→ Work order
Would you copy the full listing that follows without changing a thing?

^^^^

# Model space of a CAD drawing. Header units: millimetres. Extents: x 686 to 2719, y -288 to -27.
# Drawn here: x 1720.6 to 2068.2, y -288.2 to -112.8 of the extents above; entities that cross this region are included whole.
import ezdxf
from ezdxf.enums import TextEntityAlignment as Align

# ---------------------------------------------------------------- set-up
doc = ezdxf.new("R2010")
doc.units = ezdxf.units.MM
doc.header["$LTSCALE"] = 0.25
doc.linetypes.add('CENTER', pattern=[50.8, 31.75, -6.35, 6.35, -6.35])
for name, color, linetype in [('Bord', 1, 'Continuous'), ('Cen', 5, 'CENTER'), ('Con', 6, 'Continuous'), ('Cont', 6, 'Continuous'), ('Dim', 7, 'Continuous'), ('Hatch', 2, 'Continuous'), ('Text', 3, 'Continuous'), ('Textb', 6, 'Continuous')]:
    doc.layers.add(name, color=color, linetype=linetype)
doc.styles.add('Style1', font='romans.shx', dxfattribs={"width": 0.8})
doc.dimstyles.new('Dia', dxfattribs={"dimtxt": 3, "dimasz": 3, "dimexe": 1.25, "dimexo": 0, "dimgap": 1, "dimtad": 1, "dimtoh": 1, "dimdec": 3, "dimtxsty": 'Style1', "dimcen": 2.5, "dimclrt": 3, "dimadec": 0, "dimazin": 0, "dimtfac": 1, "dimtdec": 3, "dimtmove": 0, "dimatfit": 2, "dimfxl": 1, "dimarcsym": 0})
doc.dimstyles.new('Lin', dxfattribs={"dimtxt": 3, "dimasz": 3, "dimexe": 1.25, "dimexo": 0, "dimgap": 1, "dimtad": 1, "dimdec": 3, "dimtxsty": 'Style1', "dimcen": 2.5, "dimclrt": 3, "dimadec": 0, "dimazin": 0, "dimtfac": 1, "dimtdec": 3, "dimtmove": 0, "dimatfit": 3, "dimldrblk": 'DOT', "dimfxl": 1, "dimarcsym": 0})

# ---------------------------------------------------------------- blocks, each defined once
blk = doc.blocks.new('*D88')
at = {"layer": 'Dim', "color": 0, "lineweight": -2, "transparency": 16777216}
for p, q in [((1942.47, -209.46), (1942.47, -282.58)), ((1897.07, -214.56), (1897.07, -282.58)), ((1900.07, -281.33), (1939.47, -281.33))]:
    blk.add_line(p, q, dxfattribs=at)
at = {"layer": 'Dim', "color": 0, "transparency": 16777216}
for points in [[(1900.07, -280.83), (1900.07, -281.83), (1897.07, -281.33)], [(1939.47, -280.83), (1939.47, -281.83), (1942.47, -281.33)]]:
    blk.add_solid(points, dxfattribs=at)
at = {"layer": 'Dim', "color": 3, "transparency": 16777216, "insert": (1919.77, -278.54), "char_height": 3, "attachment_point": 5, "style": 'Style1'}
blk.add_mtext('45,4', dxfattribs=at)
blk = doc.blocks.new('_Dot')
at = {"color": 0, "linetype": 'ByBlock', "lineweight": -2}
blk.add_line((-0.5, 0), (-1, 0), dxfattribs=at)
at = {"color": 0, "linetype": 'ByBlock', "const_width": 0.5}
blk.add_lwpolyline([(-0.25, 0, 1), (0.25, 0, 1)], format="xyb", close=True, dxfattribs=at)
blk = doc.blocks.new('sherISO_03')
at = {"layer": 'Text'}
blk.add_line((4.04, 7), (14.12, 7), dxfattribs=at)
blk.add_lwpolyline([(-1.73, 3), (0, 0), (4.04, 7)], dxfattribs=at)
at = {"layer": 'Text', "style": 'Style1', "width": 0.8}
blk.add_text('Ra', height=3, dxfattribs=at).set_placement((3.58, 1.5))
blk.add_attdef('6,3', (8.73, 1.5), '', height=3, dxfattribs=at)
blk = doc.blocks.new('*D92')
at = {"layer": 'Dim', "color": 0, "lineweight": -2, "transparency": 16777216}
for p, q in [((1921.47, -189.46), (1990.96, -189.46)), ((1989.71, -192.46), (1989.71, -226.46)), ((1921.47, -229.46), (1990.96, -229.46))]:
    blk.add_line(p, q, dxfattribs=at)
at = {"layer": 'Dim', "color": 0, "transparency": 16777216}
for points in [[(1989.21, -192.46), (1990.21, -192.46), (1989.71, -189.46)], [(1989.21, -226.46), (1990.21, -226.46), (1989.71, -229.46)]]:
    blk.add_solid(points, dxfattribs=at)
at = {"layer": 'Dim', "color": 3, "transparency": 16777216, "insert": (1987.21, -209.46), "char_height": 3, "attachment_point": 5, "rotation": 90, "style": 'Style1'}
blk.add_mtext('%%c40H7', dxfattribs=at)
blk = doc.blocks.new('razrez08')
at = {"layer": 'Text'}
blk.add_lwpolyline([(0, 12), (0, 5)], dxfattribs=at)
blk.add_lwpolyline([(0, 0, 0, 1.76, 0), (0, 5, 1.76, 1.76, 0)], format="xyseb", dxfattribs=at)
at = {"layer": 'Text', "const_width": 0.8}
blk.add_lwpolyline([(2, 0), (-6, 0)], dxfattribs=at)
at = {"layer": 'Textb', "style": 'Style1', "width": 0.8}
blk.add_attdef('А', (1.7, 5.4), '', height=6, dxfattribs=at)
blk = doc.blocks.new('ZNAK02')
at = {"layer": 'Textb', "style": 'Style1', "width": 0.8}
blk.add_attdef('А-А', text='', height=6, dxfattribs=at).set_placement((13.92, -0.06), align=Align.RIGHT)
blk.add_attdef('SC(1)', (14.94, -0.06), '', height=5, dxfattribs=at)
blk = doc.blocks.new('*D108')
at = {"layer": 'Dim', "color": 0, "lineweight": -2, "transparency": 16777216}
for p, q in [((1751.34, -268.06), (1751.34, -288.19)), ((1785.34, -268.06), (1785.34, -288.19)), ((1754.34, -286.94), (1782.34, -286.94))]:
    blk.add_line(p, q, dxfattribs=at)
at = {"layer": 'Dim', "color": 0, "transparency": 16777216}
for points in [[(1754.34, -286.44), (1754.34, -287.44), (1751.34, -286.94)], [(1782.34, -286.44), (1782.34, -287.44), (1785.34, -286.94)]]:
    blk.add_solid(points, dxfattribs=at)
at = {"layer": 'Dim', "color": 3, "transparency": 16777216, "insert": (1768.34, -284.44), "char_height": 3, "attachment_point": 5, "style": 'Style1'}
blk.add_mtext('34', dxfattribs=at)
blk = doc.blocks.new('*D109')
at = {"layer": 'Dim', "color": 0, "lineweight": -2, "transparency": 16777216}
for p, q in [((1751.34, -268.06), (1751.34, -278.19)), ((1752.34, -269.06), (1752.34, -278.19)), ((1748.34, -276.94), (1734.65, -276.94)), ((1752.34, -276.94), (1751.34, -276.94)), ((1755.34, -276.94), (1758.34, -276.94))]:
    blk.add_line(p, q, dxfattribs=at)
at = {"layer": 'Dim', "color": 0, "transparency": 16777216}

^^^^

→ Task output
# Model space of a CAD drawing. Header units: millimetres. Extents: x 686 to 2719, y -288 to -27.
# Drawn here: x 1720.6 to 2068.2, y -288.2 to -112.8 of the extents above; entities that cross this region are included whole.
import ezdxf
from ezdxf.enums import TextEntityAlignment as Align

# ---------------------------------------------------------------- set-up
doc = ezdxf.new("R2010")
doc.units = ezdxf.units.MM
doc.header["$LTSCALE"] = 0.25
doc.linetypes.add('CENTER', pattern=[50.8, 31.75, -6.35, 6.35, -6.35])
for name, color, linetype in [('Bord', 1, 'Continuous'), ('Cen', 5, 'CENTER'), ('Con', 6, 'Continuous'), ('Cont', 6, 'Continuous'), ('Dim', 7, 'Continuous'), ('Hatch', 2, 'Continuous'), ('Text', 3, 'Continuous'), ('Textb', 6, 'Continuous')]:
    doc.layers.add(name, color=color, linetype=linetype)
doc.styles.add('Style1', font='romans.shx', dxfattribs={"width": 0.8})
doc.dimstyles.new('Dia', dxfattribs={"dimtxt": 3, "dimasz": 3, "dimexe": 1.25, "dimexo": 0, "dimgap": 1, "dimtad": 1, "dimtoh": 1, "dimdec": 3, "dimtxsty": 'Style1', "dimcen": 2.5, "dimclrt": 3, "dimadec": 0, "dimazin": 0, "dimtfac": 1, "dimtdec": 3, "dimtmove": 0, "dimatfit": 2, "dimfxl": 1, "dimarcsym": 0})
doc.dimstyles.new('Lin', dxfattribs={"dimtxt": 3, "dimasz": 3, "dimexe": 1.25, "dimexo": 0, "dimgap": 1, "dimtad": 1, "dimdec": 3, "dimtxsty": 'Style1', "dimcen": 2.5, "dimclrt": 3, "dimadec": 0, "dimazin": 0, "dimtfac": 1, "dimtdec": 3, "dimtmove": 0, "dimatfit": 3, "dimldrblk": 'DOT', "dimfxl": 1, "dimarcsym": 0})

# ---------------------------------------------------------------- blocks, each defined once
blk = doc.blocks.new('*D88')
at = {"layer": 'Dim', "color": 0, "lineweight": -2, "transparency": 16777216}
for p, q in [((1942.47, -209.46), (1942.47, -282.58)), ((1897.07, -214.56), (1897.07, -282.58)), ((1900.07, -281.33), (1939.47, -281.33))]:
    blk.add_line(p, q, dxfattribs=at)
at = {"layer": 'Dim', "color": 0, "transparency": 16777216}
for points in [[(1900.07, -280.83), (1900.07, -281.83), (1897.07, -281.33)], [(1939.47, -280.83), (1939.47, -281.83), (1942.47, -281.33)]]:
    blk.add_solid(points, dxfattribs=at)
at = {"layer": 'Dim', "color": 3, "transparency": 16777216, "insert": (1919.77, -278.54), "char_height": 3, "attachment_point": 5, "style": 'Style1'}
blk.add_mtext('45,4', dxfattribs=at)
blk = doc.blocks.new('_Dot')
at = {"color": 0, "linetype": 'ByBlock', "lineweight": -2}
blk.add_line((-0.5, 0), (-1, 0), dxfattribs=at)
at = {"color": 0, "linetype": 'ByBlock', "const_width": 0.5}
blk.add_lwpolyline([(-0.25, 0, 1), (0.25, 0, 1)], format="xyb", close=True, dxfattribs=at)
blk = doc.blocks.new('sherISO_03')
at = {"layer": 'Text'}
blk.add_line((4.04, 7), (14.12, 7), dxfattribs=at)
blk.add_lwpolyline([(-1.73, 3), (0, 0), (4.04, 7)], dxfattribs=at)
at = {"layer": 'Text', "style": 'Style1', "width": 0.8}
blk.add_text('Ra', height=3, dxfattribs=at).set_placement((3.58, 1.5))
blk.add_attdef('6,3', (8.73, 1.5), '', height=3, dxfattribs=at)
blk = doc.blocks.new('*D92')
at = {"layer": 'Dim', "color": 0, "lineweight": -2, "transparency": 16777216}
for p, q in [((1921.47, -189.46), (1990.96, -189.46)), ((1989.71, -192.46), (1989.71, -226.46)), ((1921.47, -229.46), (1990.96, -229.46))]:
    blk.add_line(p, q, dxfattribs=at)
at = {"layer": 'Dim', "color": 0, "transparency": 16777216}
for points in [[(1989.21, -192.46), (1990.21, -192.46), (1989.71, -189.46)], [(1989.21, -226.46), (1990.21, -226.46), (1989.71, -229.46)]]:
    blk.add_solid(points, dxfattribs=at)
at = {"layer": 'Dim', "color": 3, "transparency": 16777216, "insert": (1987.21, -209.46), "char_height": 3, "attachment_point": 5, "rotation": 90, "style": 'Style1'}
blk.add_mtext('%%c40H7', dxfattribs=at)
blk = doc.blocks.new('razrez08')
at = {"layer": 'Text'}
blk.add_lwpolyline([(0, 12), (0, 5)], dxfattribs=at)
blk.add_lwpolyline([(0, 0, 0, 1.76, 0), (0, 5, 1.76, 1.76, 0)], format="xyseb", dxfattribs=at)
at = {"layer": 'Text', "const_width": 0.8}
blk.add_lwpolyline([(2, 0), (-6, 0)], dxfattribs=at)
at = {"layer": 'Textb', "style": 'Style1', "width": 0.8}
blk.add_attdef('А', (1.7, 5.4), '', height=6, dxfattribs=at)
blk = doc.blocks.new('ZNAK02')
at = {"layer": 'Textb', "style": 'Style1', "width": 0.8}
blk.add_attdef('А-А', text='', height=6, dxfattribs=at).set_placement((13.92, -0.06), align=Align.RIGHT)
blk.add_attdef('SC(1)', (14.94, -0.06), '', height=5, dxfattribs=at)
blk = doc.blocks.new('*D108')
at = {"layer": 'Dim', "color": 0, "lineweight": -2, "transparency": 16777216}
for p, q in [((1751.34, -268.06), (1751.34, -288.19)), ((1785.34, -268.06), (1785.34, -288.19)), ((1754.34, -286.94), (1782.34, -286.94))]:
    blk.add_line(p, q, dxfattribs=at)
at = {"layer": 'Dim', "color": 0, "transparency": 16777216}
for points in [[(1754.34, -286.44), (1754.34, -287.44), (1751.34, -286.94)], [(1782.34, -286.44), (1782.34, -287.44), (1785.34, -286.94)]]:
    blk.add_solid(points, dxfattribs=at)
at = {"layer": 'Dim', "color": 3, "transparency": 16777216, "insert": (1768.34, -284.44), "char_height": 3, "attachment_point": 5, "style": 'Style1'}
blk.add_mtext('34', dxfattribs=at)
blk = doc.blocks.new('*D109')
at = {"layer": 'Dim', "color": 0, "lineweight": -2, "transparency": 16777216}
for p, q in [((1751.34, -268.06), (1751.34, -278.19)), ((1752.34, -269.06), (1752.34, -278.19)), ((1748.34, -276.94), (1734.65, -276.94)), ((1752.34, -276.94), (1751.34, -276.94)), ((1755.34, -276.94), (1758.34, -276.94))]:
    blk.add_line(p, q, dxfattribs=at)
at = {"layer": 'Dim', "color": 0, "transparency": 16777216}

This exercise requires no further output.